Improving Gradient Flow with Unrolled Highway Expectation Maximization

Chonghyuk Song,Eunseok Kim,Inwook Shim
DOI: https://doi.org/10.48550/arXiv.2012.04926
2020-12-09
Abstract:Integrating model-based machine learning methods into deep neural architectures allows one to leverage both the expressive power of deep neural nets and the ability of model-based methods to incorporate domain-specific knowledge. In particular, many works have employed the expectation maximization (EM) algorithm in the form of an unrolled layer-wise structure that is jointly trained with a backbone neural network. However, it is difficult to discriminatively train the backbone network by backpropagating through the EM iterations as they are prone to the vanishing gradient problem. To address this issue, we propose Highway Expectation Maximization Networks (HEMNet), which is comprised of unrolled iterations of the generalized EM (GEM) algorithm based on the Newton-Rahpson method.
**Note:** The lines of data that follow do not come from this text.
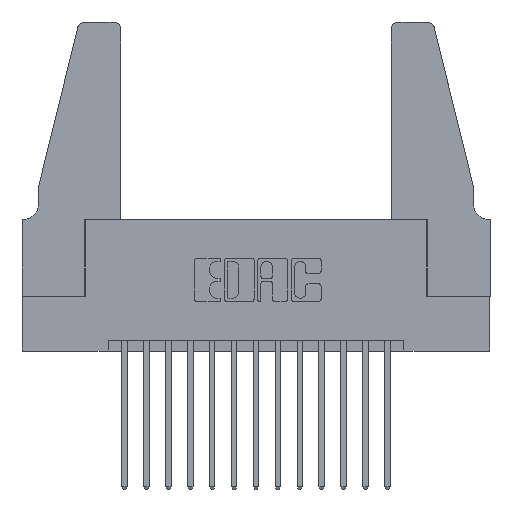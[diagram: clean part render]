
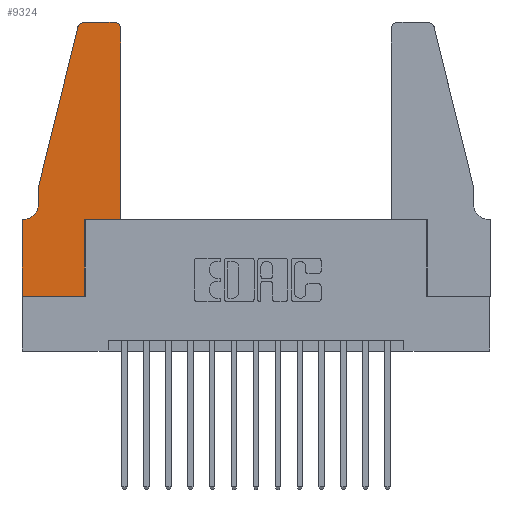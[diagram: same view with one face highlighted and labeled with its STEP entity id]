
A CAD part, top view. The second image highlights one B-rep face of the part: STEP entity #9324.
In plain terms, the highlighted planar face has unit normal (0, 0, 1).
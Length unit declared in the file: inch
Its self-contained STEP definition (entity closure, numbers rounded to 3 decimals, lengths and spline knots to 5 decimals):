
#46 = ORIENTED_EDGE ( 'NONE', *, *, #5295, .T. ) ;
#86 = LINE ( 'NONE', #9310, #5621 ) ;
#203 = AXIS2_PLACEMENT_3D ( 'NONE', #15200, #12730, #14296 ) ;
#204 = CARTESIAN_POINT ( 'NONE',  ( 0.25487, 1.22718, 0.37 ) ) ;
#671 = DIRECTION ( 'NONE',  ( 1., 0., 0. ) ) ;
#694 = DIRECTION ( 'NONE',  ( 1., 0., 0. ) ) ;
#926 = VECTOR ( 'NONE', #13490, 39.37008 ) ;
#972 = DIRECTION ( 'NONE',  ( 0., 0., 1. ) ) ;
#1044 = VERTEX_POINT ( 'NONE', #1560 ) ;
#1107 = DIRECTION ( 'NONE',  ( 0., -1., 0. ) ) ;
#1189 = EDGE_CURVE ( 'NONE', #12129, #4324, #4047, .T. ) ;
#1379 = ORIENTED_EDGE ( 'NONE', *, *, #8104, .T. ) ;
#1503 = CARTESIAN_POINT ( 'NONE',  ( 0.4505, 1.22, 0.37 ) ) ;
#1560 = CARTESIAN_POINT ( 'NONE',  ( 0.0755, 0.42, 0.37 ) ) ;
#1601 = EDGE_CURVE ( 'NONE', #4324, #8514, #11746, .T. ) ;
#1618 = ORIENTED_EDGE ( 'NONE', *, *, #10933, .T. ) ;
#2095 = CARTESIAN_POINT ( 'NONE',  ( 0.0755, 0.5, 0.37 ) ) ;
#2262 = PLANE ( 'NONE',  #5814 ) ;
#2329 = CARTESIAN_POINT ( 'NONE',  ( 0., 0., 0.37 ) ) ;
#2961 = DIRECTION ( 'NONE',  ( -1., 0., 0. ) ) ;
#2991 = EDGE_CURVE ( 'NONE', #7412, #9613, #86, .T. ) ;
#3022 = DIRECTION ( 'NONE',  ( 0., 0., -1. ) ) ;
#3097 = DIRECTION ( 'NONE',  ( 1., 0., 0. ) ) ;
#3192 = AXIS2_PLACEMENT_3D ( 'NONE', #9193, #3022, #2961 ) ;
#3255 = DIRECTION ( 'NONE',  ( 0., 1., 0. ) ) ;
#3396 = CIRCLE ( 'NONE', #203, 0.03 ) ;
#3453 = ORIENTED_EDGE ( 'NONE', *, *, #14962, .T. ) ;
#3805 = VERTEX_POINT ( 'NONE', #14614 ) ;
#4047 = LINE ( 'NONE', #15688, #11733 ) ;
#4240 = CARTESIAN_POINT ( 'NONE',  ( 0.0055, 0.35, 0.37 ) ) ;
#4324 = VERTEX_POINT ( 'NONE', #13986 ) ;
#4479 = AXIS2_PLACEMENT_3D ( 'NONE', #13044, #10599, #3097 ) ;
#4485 = VECTOR ( 'NONE', #15983, 39.37008 ) ;
#4496 = CARTESIAN_POINT ( 'NONE',  ( 0., 0., 0.37 ) ) ;
#4637 = EDGE_CURVE ( 'NONE', #3805, #11873, #8066, .T. ) ;
#4683 = DIRECTION ( 'NONE',  ( 1., 0., 0. ) ) ;
#5295 = EDGE_CURVE ( 'NONE', #1044, #9697, #6506, .T. ) ;
#5316 = ORIENTED_EDGE ( 'NONE', *, *, #6608, .T. ) ;
#5455 = DIRECTION ( 'NONE',  ( -1., 0., 0. ) ) ;
#5621 = VECTOR ( 'NONE', #5455, 39.37008 ) ;
#5814 = AXIS2_PLACEMENT_3D ( 'NONE', #5846, #972, #4683 ) ;
#5846 = CARTESIAN_POINT ( 'NONE',  ( 0., 0.35, 0.37 ) ) ;
#5864 = LINE ( 'NONE', #15147, #926 ) ;
#6506 = CIRCLE ( 'NONE', #3192, 0.07 ) ;
#6608 = EDGE_CURVE ( 'NONE', #9488, #1044, #5864, .T. ) ;
#7244 = DIRECTION ( 'NONE',  ( -1., 0., 0. ) ) ;
#7412 = VERTEX_POINT ( 'NONE', #14067 ) ;
#7522 = EDGE_CURVE ( 'NONE', #9697, #3805, #16053, .T. ) ;
#7566 = VECTOR ( 'NONE', #9469, 39.37008 ) ;
#7580 = VECTOR ( 'NONE', #7244, 39.37008 ) ;
#7588 = ORIENTED_EDGE ( 'NONE', *, *, #1189, .T. ) ;
#7800 = LINE ( 'NONE', #2095, #4485 ) ;
#8066 = LINE ( 'NONE', #8636, #13417 ) ;
#8104 = EDGE_CURVE ( 'NONE', #10868, #12129, #12059, .T. ) ;
#8440 = EDGE_CURVE ( 'NONE', #8514, #7412, #3396, .T. ) ;
#8514 = VERTEX_POINT ( 'NONE', #1503 ) ;
#8636 = CARTESIAN_POINT ( 'NONE',  ( 0., 0., 0.37 ) ) ;
#8692 = ORIENTED_EDGE ( 'NONE', *, *, #1601, .T. ) ;
#8906 = VECTOR ( 'NONE', #694, 39.37008 ) ;
#9020 = FACE_OUTER_BOUND ( 'NONE', #15612, .T. ) ;
#9193 = CARTESIAN_POINT ( 'NONE',  ( 0.0055, 0.42, 0.37 ) ) ;
#9265 = ORIENTED_EDGE ( 'NONE', *, *, #2991, .T. ) ;
#9310 = CARTESIAN_POINT ( 'NONE',  ( 0.2605, 1.25, 0.37 ) ) ;
#9324 = ADVANCED_FACE ( 'NONE', ( #9020 ), #2262, .T. ) ;
#9469 = DIRECTION ( 'NONE',  ( 0., 1., 0. ) ) ;
#9488 = VERTEX_POINT ( 'NONE', #12478 ) ;
#9496 = LINE ( 'NONE', #4496, #8906 ) ;
#9613 = VERTEX_POINT ( 'NONE', #12801 ) ;
#9697 = VERTEX_POINT ( 'NONE', #4240 ) ;
#10599 = DIRECTION ( 'NONE',  ( 0., 0., 1. ) ) ;
#10868 = VERTEX_POINT ( 'NONE', #13253 ) ;
#10907 = CARTESIAN_POINT ( 'NONE',  ( 0.4505, 0.35, 0.37 ) ) ;
#10933 = EDGE_CURVE ( 'NONE', #12591, #9488, #7800, .T. ) ;
#10987 = CARTESIAN_POINT ( 'NONE',  ( 0.0755, 0.35, 0.37 ) ) ;
#11659 = CIRCLE ( 'NONE', #4479, 0.03 ) ;
#11733 = VECTOR ( 'NONE', #671, 39.37008 ) ;
#11746 = LINE ( 'NONE', #10907, #7566 ) ;
#11873 = VERTEX_POINT ( 'NONE', #2329 ) ;
#12059 = LINE ( 'NONE', #12088, #14794 ) ;
#12088 = CARTESIAN_POINT ( 'NONE',  ( 0.2865, 0.35, 0.37 ) ) ;
#12129 = VERTEX_POINT ( 'NONE', #15400 ) ;
#12232 = ORIENTED_EDGE ( 'NONE', *, *, #8440, .T. ) ;
#12478 = CARTESIAN_POINT ( 'NONE',  ( 0.0755, 0.5, 0.37 ) ) ;
#12591 = VERTEX_POINT ( 'NONE', #204 ) ;
#12730 = DIRECTION ( 'NONE',  ( 0., 0., 1. ) ) ;
#12801 = CARTESIAN_POINT ( 'NONE',  ( 0.284, 1.25, 0.37 ) ) ;
#12968 = EDGE_CURVE ( 'NONE', #11873, #10868, #9496, .T. ) ;
#13044 = CARTESIAN_POINT ( 'NONE',  ( 0.284, 1.22, 0.37 ) ) ;
#13178 = ORIENTED_EDGE ( 'NONE', *, *, #7522, .T. ) ;
#13253 = CARTESIAN_POINT ( 'NONE',  ( 0.2865, 0., 0.37 ) ) ;
#13417 = VECTOR ( 'NONE', #1107, 39.37008 ) ;
#13420 = ORIENTED_EDGE ( 'NONE', *, *, #12968, .T. ) ;
#13490 = DIRECTION ( 'NONE',  ( 0., -1., 0. ) ) ;
#13986 = CARTESIAN_POINT ( 'NONE',  ( 0.4505, 0.35, 0.37 ) ) ;
#14067 = CARTESIAN_POINT ( 'NONE',  ( 0.4205, 1.25, 0.37 ) ) ;
#14296 = DIRECTION ( 'NONE',  ( 1., 0., 0. ) ) ;
#14614 = CARTESIAN_POINT ( 'NONE',  ( 0., 0.35, 0.37 ) ) ;
#14794 = VECTOR ( 'NONE', #3255, 39.37008 ) ;
#14962 = EDGE_CURVE ( 'NONE', #9613, #12591, #11659, .T. ) ;
#15147 = CARTESIAN_POINT ( 'NONE',  ( 0.0755, 0.5, 0.37 ) ) ;
#15200 = CARTESIAN_POINT ( 'NONE',  ( 0.4205, 1.22, 0.37 ) ) ;
#15320 = ORIENTED_EDGE ( 'NONE', *, *, #4637, .T. ) ;
#15400 = CARTESIAN_POINT ( 'NONE',  ( 0.2865, 0.35, 0.37 ) ) ;
#15612 = EDGE_LOOP ( 'NONE', ( #9265, #3453, #1618, #5316, #46, #13178, #15320, #13420, #1379, #7588, #8692, #12232 ) ) ;
#15688 = CARTESIAN_POINT ( 'NONE',  ( 0.4505, 0.35, 0.37 ) ) ;
#15983 = DIRECTION ( 'NONE',  ( -0.239, -0.971, 0. ) ) ;
#16053 = LINE ( 'NONE', #10987, #7580 ) ;

HEMNet features scaled skip connections, or highways, along the depths of the unrolled architecture, resulting in improved gradient flow during backpropagation while incurring negligible additional computation and memory costs compared to standard unrolled EM. Furthermore, HEMNet preserves the underlying EM procedure, thereby fully retaining the convergence properties of the original EM algorithm. We achieve significant improvement in performance on several semantic segmentation benchmarks and empirically show that HEMNet effectively alleviates gradient decay.
Machine Learning,Computer Vision and Pattern Recognition,Neural and Evolutionary Computing
What problem does this paper attempt to address?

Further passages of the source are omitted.